The parents noted that they first experienced the 'racial challenges' when they adopted Keenan, who also is White, in 2016. However, the couple said the frequency of these 'racial episodes' grew after George Floyd’s murder and at the height of the Black Lives Matter movement. "We often see transracial adoption done the other way — a White family adopting a Black child. Even doing the paperwork, there are many questions about our ability to foster children who are white. It took us 2,695 days to adopt Keenan because we are black, " Jennifer said. She continued, "We have conversations about race all the time. In our home we talk about it, we know that everyone is different, you have to acknowledge it and not pretend to be color blind."

Jennifer McDuffie-Moore with her kids (Instagram @mssjenndoublem)

Speaking of the adopted White twin boys, Jennifer mentioned that they "were supposed to stay for a weekend and now they are here forever". "They were born with a drug in their systems and so they are medically needy with developmental delays and speech and language issues.
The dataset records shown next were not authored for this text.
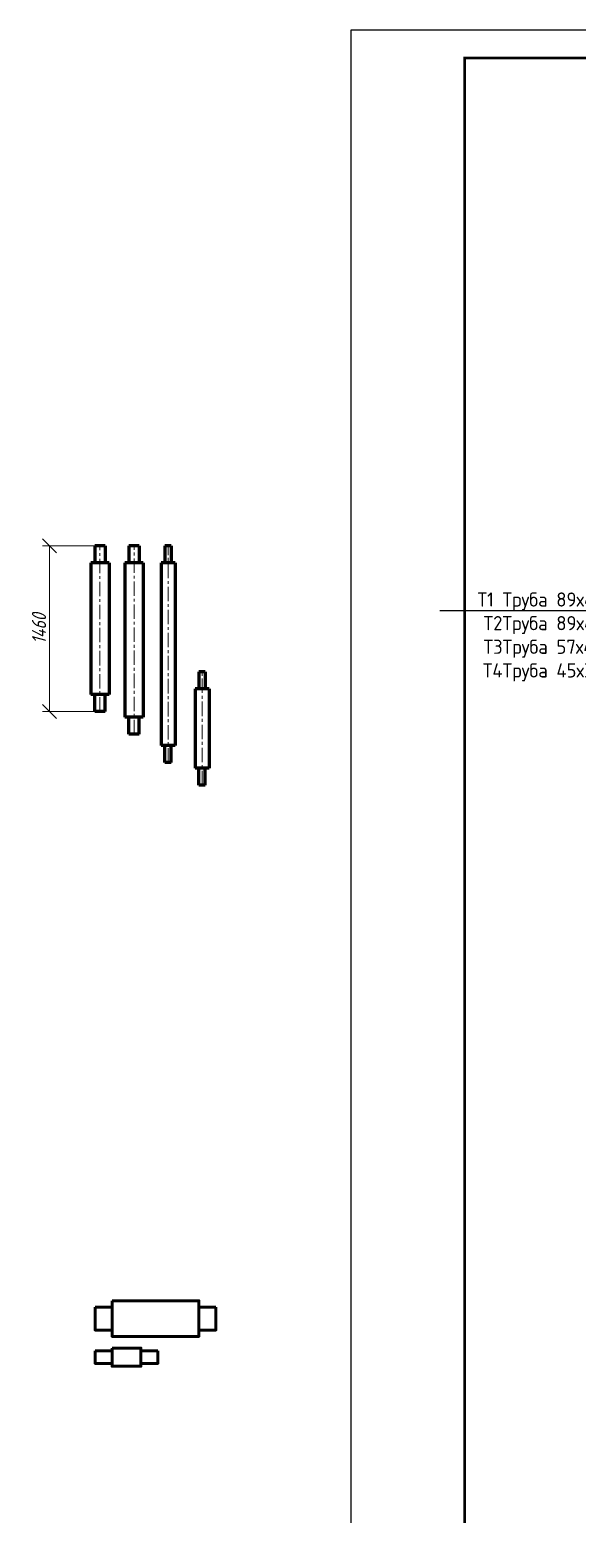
# Model space of a CAD drawing. Header units: metres. Extents: x 1981 to 7362, y 1229 to 3678.
# Drawn here: x 2866.1 to 2962.5, y 3089.6 to 3351.4 of the extents above; entities that cross this region are included whole.
import ezdxf
from ezdxf import colors
from ezdxf.entities.mleader import LeaderData, LeaderLine
from ezdxf.enums import TextEntityAlignment as Align
from ezdxf.math import Vec2, Vec3

# ---------------------------------------------------------------- set-up
doc = ezdxf.new("R2010")
doc.units = ezdxf.units.M
doc.linetypes.add('осевая', pattern=[50.8, 31.75, -6.35, 6.35, -6.35])
doc.layers.add('Форматы', color=7, linetype='Continuous')
doc.styles.add('GOST', font='GOST.shx', dxfattribs={"oblique": 15})
doc.styles.add('GOST-2.304_Type-B', font='GOST Common.ttf')
doc.styles.get("Standard").update_dxf_attribs({"font": 'GOST Common.ttf'})
doc.dimstyles.new('М 1 к 50', dxfattribs={"dimtxt": 2.5, "dimasz": 2.5, "dimexe": 1.25, "dimexo": 0, "dimgap": 0.6, "dimtad": 1, "dimdec": 0, "dimlfac": 50, "dimdsep": 46, "dimtxsty": 'GOST', "dimblk": 'OBLIQUE', "dimcen": 0, "dimclrd": 256, "dimclre": 256, "dimclrt": 256, "dimazin": 0, "dimtfac": 1, "dimtdec": 0, "dimtmove": 0, "dimatfit": 1, "dimldrblk": 'NONE', "dimfxl": 1.25, "dimlwd": 20, "dimlwe": 20, "dimarcsym": 1})

# ---------------------------------------------------------------- blocks, each defined once
blk = doc.blocks.new('*U182')
at = {"color": 3, "linetype": 'ByBlock', "lineweight": 60}
for p, q in [((-1460, 44.5), (-1460, -44.5)), ((-1460, 44.5), (-1310, 44.5)), ((-1310, 80), (-1310, -80)), ((-1310, 80), (-150, 80)), ((-150, 80), (-150, -80)), ((0, 44.5), (-150, 44.5)), ((0, 44.5), (0, -44.5)), ((-1460, -44.5), (-1310, -44.5)), ((-1310, -80), (-150, -80)), ((0, -44.5), (-150, -44.5))]:
    blk.add_line(p, q, dxfattribs=at)
at = {"color": 6, "linetype": 'осевая', "lineweight": 20, "ltscale": 4}
blk.add_line((0, 0), (-1460, 0), dxfattribs=at)
blk = doc.blocks.new('_Oblique')
at = {"color": 0, "linetype": 'ByBlock', "lineweight": -2}
blk.add_line((-0.5, -0.5), (0.5, 0.5), dxfattribs=at)
blk = doc.blocks.new('*D184')
at = {"lineweight": 20, "transparency": 16777216}
for p, q in [((2878.45, 3260.4), (2868.32, 3260.4)), ((2869.57, 3260.4), (2869.57, 3231.2)), ((2878.45, 3231.2), (2868.32, 3231.2))]:
    blk.add_line(p, q, dxfattribs=at)
at = {"layer": 'Defpoints', "color": 0, "lineweight": 50, "transparency": 16777216}
for p in [(2878.45, 3260.4), (2869.57, 3231.2), (2878.45, 3231.2)]:
    blk.add_point(p, dxfattribs=at)
at = {"lineweight": 20, "transparency": 16777216, "xscale": 2.5, "yscale": 2.5, "zscale": 2.5}
for p, rotation in [((2869.57, 3260.4), 90), ((2869.57, 3231.2), 270)]:
    blk.add_blockref('_Oblique', p, dxfattribs=dict(at, rotation=rotation))
at = {"lineweight": 50, "transparency": 16777216, "insert": (2867.72, 3245.8), "char_height": 2.5, "attachment_point": 5, "rotation": 90, "style": 'GOST', "bg_fill": 3, "box_fill_scale": 1.1, "bg_fill_color": 256, "bg_fill_true_color": 13158600, "bg_fill_transparency": 0}
blk.add_mtext('1460', dxfattribs=at)
blk = doc.blocks.new('_None')
blk = doc.blocks.new('*U187')
at = {"color": 3, "linetype": 'ByBlock', "lineweight": 60}
for p, q in [((-1660, 44.5), (-1660, -44.5)), ((-1660, 44.5), (-1510, 44.5)), ((-1510, 80), (-1510, -80)), ((-1510, 80), (-150, 80)), ((-150, 80), (-150, -80)), ((0, 44.5), (-150, 44.5)), ((0, 44.5), (0, -44.5)), ((-1660, -44.5), (-1510, -44.5)), ((-1510, -80), (-150, -80)), ((0, -44.5), (-150, -44.5))]:
    blk.add_line(p, q, dxfattribs=at)
at = {"color": 6, "linetype": 'осевая', "lineweight": 20, "ltscale": 4}
blk.add_line((0, 0), (-1660, 0), dxfattribs=at)
blk = doc.blocks.new('*U188')
at = {"color": 3, "linetype": 'ByBlock', "lineweight": 60}
for p, q in [((-1910, 28), (-1910, -28)), ((-1910, 28), (-1760, 28)), ((-1760, 62), (-1760, -62)), ((-1760, 62), (-150, 62)), ((-150, 62), (-150, -62)), ((0, 28), (-150, 28)), ((0, 28), (0, -28)), ((-1910, -28), (-1760, -28)), ((-1760, -62), (-150, -62)), ((0, -28), (-150, -28))]:
    blk.add_line(p, q, dxfattribs=at)
at = {"color": 6, "linetype": 'осевая', "lineweight": 20, "ltscale": 4}
blk.add_line((0, 0), (-1910, 0), dxfattribs=at)
blk = doc.blocks.new('*U192')
at = {"color": 3, "linetype": 'ByBlock', "lineweight": 60}
for p, q in [((-1000, 28), (-1000, -28)), ((-1000, 28), (-850, 28)), ((-850, 62), (-850, -62)), ((-850, 62), (-150, 62)), ((-150, 62), (-150, -62)), ((0, 28), (-150, 28)), ((0, 28), (0, -28)), ((-1000, -28), (-850, -28)), ((-850, -62), (-150, -62)), ((0, -28), (-150, -28))]:
    blk.add_line(p, q, dxfattribs=at)
at = {"color": 6, "linetype": 'осевая', "lineweight": 20, "ltscale": 4}
blk.add_line((0, 0), (-1000, 0), dxfattribs=at)
blk = doc.blocks.new('*U145')
blk.add_lwpolyline([(0, 123), (594, 123), (594, -297), (0, -297)], close=True)
at = {"const_width": 0.5}
blk.add_lwpolyline([(20, 118), (589, 118), (589, -292), (20, -292)], close=True, dxfattribs=at)
at = {"style": 'GOST-2.304_Type-B'}
blk.add_attdef('РАЗРАБОТАЛ', text='', height=2.5, dxfattribs=at).set_placement((424.5, -264.22), align=Align.MIDDLE_LEFT)
at = {"style": 'GOST-2.304_Type-B', "flags": 8}
for tag, height, p in [('ДАТА', 2.5, (464.07, -264.4)), ('ЛИСТ', 3, (560.39, -271.92)), ('ЛИСТОВ', 3, (577.89, -271.92)), ('ФОРМАТ', 3, (554.97, -294.75))]:
    blk.add_attdef(tag, text='', height=height, dxfattribs=at).set_placement(p, align=Align.MIDDLE_CENTER)
at = {"style": 'GOST-2.304_Type-B'}
blk.add_attdef('ПРОВЕРИЛ', (424.75, -270.73), '', height=2.5, dxfattribs=at)
at = {"lineweight": 30, "flags": 104}
for tag, p in [('ТЕПЛОВЫЕ_СЕТИ', (504, -269.5)), ('ИМЯ_ЧЕРТЕЖА', (504, -284.5))]:
    blk.add_attdef(tag, text='', height=3, dxfattribs=at).set_placement(p, align=Align.MIDDLE_CENTER)

msp = doc.modelspace()

# ---------------------------------------------------------------- linework, layer by layer
at = {"lineweight": 50}
for points in [[(2877.592, 3126.166), (2877.592, 3122.106), (2880.592, 3122.106), (2880.592, 3126.166), (2877.592, 3126.166)], [(2880.592, 3127.286), (2880.592, 3120.986), (2895.879, 3120.986), (2895.879, 3127.286), (2880.592, 3127.286)], [(2898.879, 3126.166), (2898.879, 3122.106), (2895.879, 3122.106), (2895.879, 3126.166), (2898.879, 3126.166)], [(2877.592, 3118.436), (2877.592, 3116.236), (2880.592, 3116.236), (2880.592, 3118.436), (2877.592, 3118.436)], [(2880.592, 3118.936), (2880.592, 3115.736), (2885.663, 3115.736), (2885.663, 3118.936), (2880.592, 3118.936)], [(2888.663, 3118.436), (2888.663, 3116.236), (2885.663, 3116.236), (2885.663, 3118.436), (2888.663, 3118.436)]]:
    msp.add_lwpolyline(points, dxfattribs=at)

# ---------------------------------------------------------------- block references
at = {"lineweight": 50, "xscale": 0.02, "yscale": 0.02, "zscale": 0.02, "rotation": 270}
for name, p in [('*U182', (2878.453, 3231.202)), ('*U187', (2884.453, 3227.202)), ('*U188', (2890.453, 3222.202)), ('*U192', (2896.453, 3218.202))]:
    msp.add_blockref(name, p, dxfattribs=at)
at = {"layer": 'Форматы'}
msp.add_blockref('*U145', (2922.709, 3228.424), dxfattribs=at)

# ---------------------------------------------------------------- leaders
at = {"lineweight": 25}
ml = msp.add_multileader_mtext('Standard', dxfattribs=at)
ml.set_content('Т1 Труба 89х4.0/ 160-20 ГОСТ 20295-ППУ1-ПЭ\\PТ2Труба 89х4.0/ 160-20 ГОСТ 20295-ППУ1-ПЭ\\PТ3Труба 57х4,0 /125-20 ГОСТ 20295-ППУ1-ПЭ\\PТ4Труба 45х3,0/ 125-20 ГОСТ 20295-ППУ1-ПЭ', color=256)
ml.set_leader_properties()
ml.set_arrow_properties(name='OBLIQUE')
ml.build(insert=Vec2(0, 0))
ml.multileader.update_dxf_attribs({"text_left_attachment_type": 6, "text_right_attachment_type": 6, "dogleg_length": 2, "arrow_head_size": 2.5})
ctx = ml.context
ctx.base_point, ctx.char_height, ctx.arrow_head_size, ctx.plane_origin = Vec3(2942.007, 3248.941), 2.5, 2.5, Vec3(3065.482, 3248.941)
ctx.left_attachment, ctx.right_attachment, ctx.text_align_type = 6, 6, 2
notes = []
notes.append((ctx, [(0, (1, 1, 0), (3016.807, 3248.941), (-1, 0), 2, [(3, [(3065.482, 3248.941), (3059.482, 3248.941), (3053.482, 3248.941), (3047.482, 3248.941)], 0, [])])]))
ctx.mtext.insert, ctx.mtext.alignment, ctx.mtext.flow_direction = Vec3(3012.807, 3252.191), 3, 5
for ctx, leaders in notes:
    for number, flags, end, landing, length, lines in leaders:
        leader = LeaderData()
        leader.index, (leader.has_last_leader_line, leader.has_dogleg_vector, leader.attachment_direction) = number, flags
        leader.last_leader_point, leader.dogleg_vector, leader.dogleg_length = Vec3(end), Vec3(landing), length
        for number, points, colour, breaks in lines:
            line = LeaderLine()
            line.index, line.vertices, line.color, line.breaks = number, Vec3.list(points), colors.encode_raw_color(colour), breaks
            leader.lines.append(line)
        ctx.leaders.append(leader)

# ---------------------------------------------------------------- next in the draw order: dimensions: what is measured, and where the dimension line sits
at = {"lineweight": 50}
dim = msp.add_linear_dim(base=(2869.572, 3231.202), p1=(2878.453, 3260.402), p2=(2878.453, 3231.202), angle=90, dimstyle='М 1 к 50', override={"dimfxl": 0, "dimtfill": 1, "dimarcsym": 2}, dxfattribs=at)
dim.commit()
dim.dimension.update_dxf_attribs({"geometry": '*D184', "text_midpoint": (2867.722, 3245.802)})

doc.saveas('drawing.dxf')

Two days after we took them in for a weekend to give their foster carer a break, the agency asked if they could stay for good. We said they could stay with us until they had found a home but then time passed and they were nearly a year old and our whole family, my nieces and our church, pitched in and we eventually started the adoption process,” she said.

The couple said they can’t imagine their family without Brayden and Trevor. Jennifer said, "They are definitely are our sons. Instead of scrutinizing what color people are or their gender or their preferences, people should understand that love really does support a family. There are so many kids out there without homes."